If a line below contains "unit", count it; then state how many such lines there are, and nothing else.
=-=-=-=-=
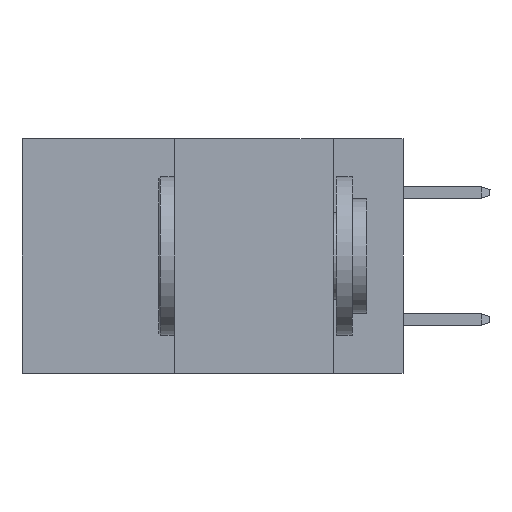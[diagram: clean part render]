
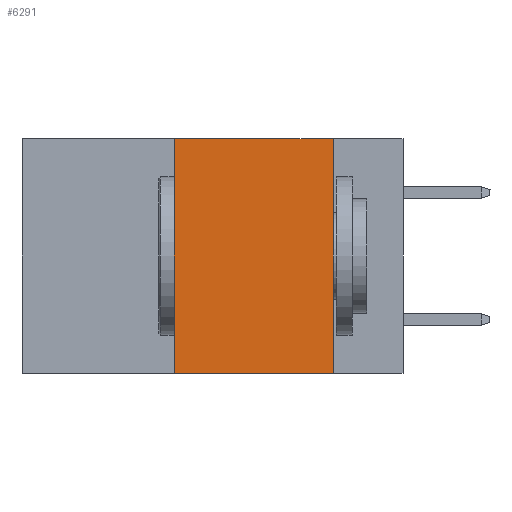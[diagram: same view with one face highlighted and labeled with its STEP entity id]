
A CAD part, left-side view. The second image highlights one B-rep face of the part: STEP entity #6291.
In plain terms, the highlighted planar face has unit normal (-1, 0, 0).
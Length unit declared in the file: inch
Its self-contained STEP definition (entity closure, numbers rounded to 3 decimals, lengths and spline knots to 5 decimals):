
#3483 = CARTESIAN_POINT ( 'NONE',  ( 0., 0.36, -0.37 ) ) ;
#3933 = EDGE_LOOP ( 'NONE', ( #13812, #9744, #4699, #20284 ) ) ;
#4167 = VERTEX_POINT ( 'NONE', #26346 ) ;
#4335 = CARTESIAN_POINT ( 'NONE',  ( 0., 0.36, 0. ) ) ;
#4699 = ORIENTED_EDGE ( 'NONE', *, *, #35771, .F. ) ;
#4809 = CARTESIAN_POINT ( 'NONE',  ( 0., 0.6, -0.37 ) ) ;
#4976 = LINE ( 'NONE', #4809, #33717 ) ;
#6104 = VECTOR ( 'NONE', #10291, 39.37008 ) ;
#6291 = ADVANCED_FACE ( 'NONE', ( #17112 ), #16938, .F. ) ;
#8705 = LINE ( 'NONE', #20361, #19658 ) ;
#9744 = ORIENTED_EDGE ( 'NONE', *, *, #19780, .F. ) ;
#10291 = DIRECTION ( 'NONE',  ( 0., -1., 0. ) ) ;
#13371 = VERTEX_POINT ( 'NONE', #4335 ) ;
#13812 = ORIENTED_EDGE ( 'NONE', *, *, #32454, .F. ) ;
#14481 = CARTESIAN_POINT ( 'NONE',  ( 0., 0.11, 0. ) ) ;
#16612 = DIRECTION ( 'NONE',  ( 0., -1., 0. ) ) ;
#16938 = PLANE ( 'NONE',  #37038 ) ;
#17112 = FACE_OUTER_BOUND ( 'NONE', #3933, .T. ) ;
#19658 = VECTOR ( 'NONE', #37384, 39.37008 ) ;
#19780 = EDGE_CURVE ( 'NONE', #13371, #24281, #37212, .T. ) ;
#20284 = ORIENTED_EDGE ( 'NONE', *, *, #21500, .T. ) ;
#20361 = CARTESIAN_POINT ( 'NONE',  ( 0., 0.36, 0. ) ) ;
#21500 = EDGE_CURVE ( 'NONE', #30358, #4167, #4976, .T. ) ;
#22110 = CARTESIAN_POINT ( 'NONE',  ( 0., 0.6, 0. ) ) ;
#22427 = VECTOR ( 'NONE', #35127, 39.37008 ) ;
#24281 = VERTEX_POINT ( 'NONE', #26917 ) ;
#26102 = CARTESIAN_POINT ( 'NONE',  ( 0., 0.6, 0. ) ) ;
#26346 = CARTESIAN_POINT ( 'NONE',  ( 0., 0.11, -0.37 ) ) ;
#26917 = CARTESIAN_POINT ( 'NONE',  ( 0., 0.11, 0. ) ) ;
#28775 = DIRECTION ( 'NONE',  ( 0., 0., -1. ) ) ;
#29765 = LINE ( 'NONE', #14481, #22427 ) ;
#30358 = VERTEX_POINT ( 'NONE', #3483 ) ;
#31658 = DIRECTION ( 'NONE',  ( 1., 0., 0. ) ) ;
#32454 = EDGE_CURVE ( 'NONE', #24281, #4167, #29765, .T. ) ;
#33717 = VECTOR ( 'NONE', #16612, 39.37008 ) ;
#35127 = DIRECTION ( 'NONE',  ( 0., 0., -1. ) ) ;
#35771 = EDGE_CURVE ( 'NONE', #30358, #13371, #8705, .T. ) ;
#37038 = AXIS2_PLACEMENT_3D ( 'NONE', #26102, #31658, #28775 ) ;
#37212 = LINE ( 'NONE', #22110, #6104 ) ;
#37384 = DIRECTION ( 'NONE',  ( 0., 0., 1. ) ) ;
=-=-=-=-=
*Output for this exercise*.
2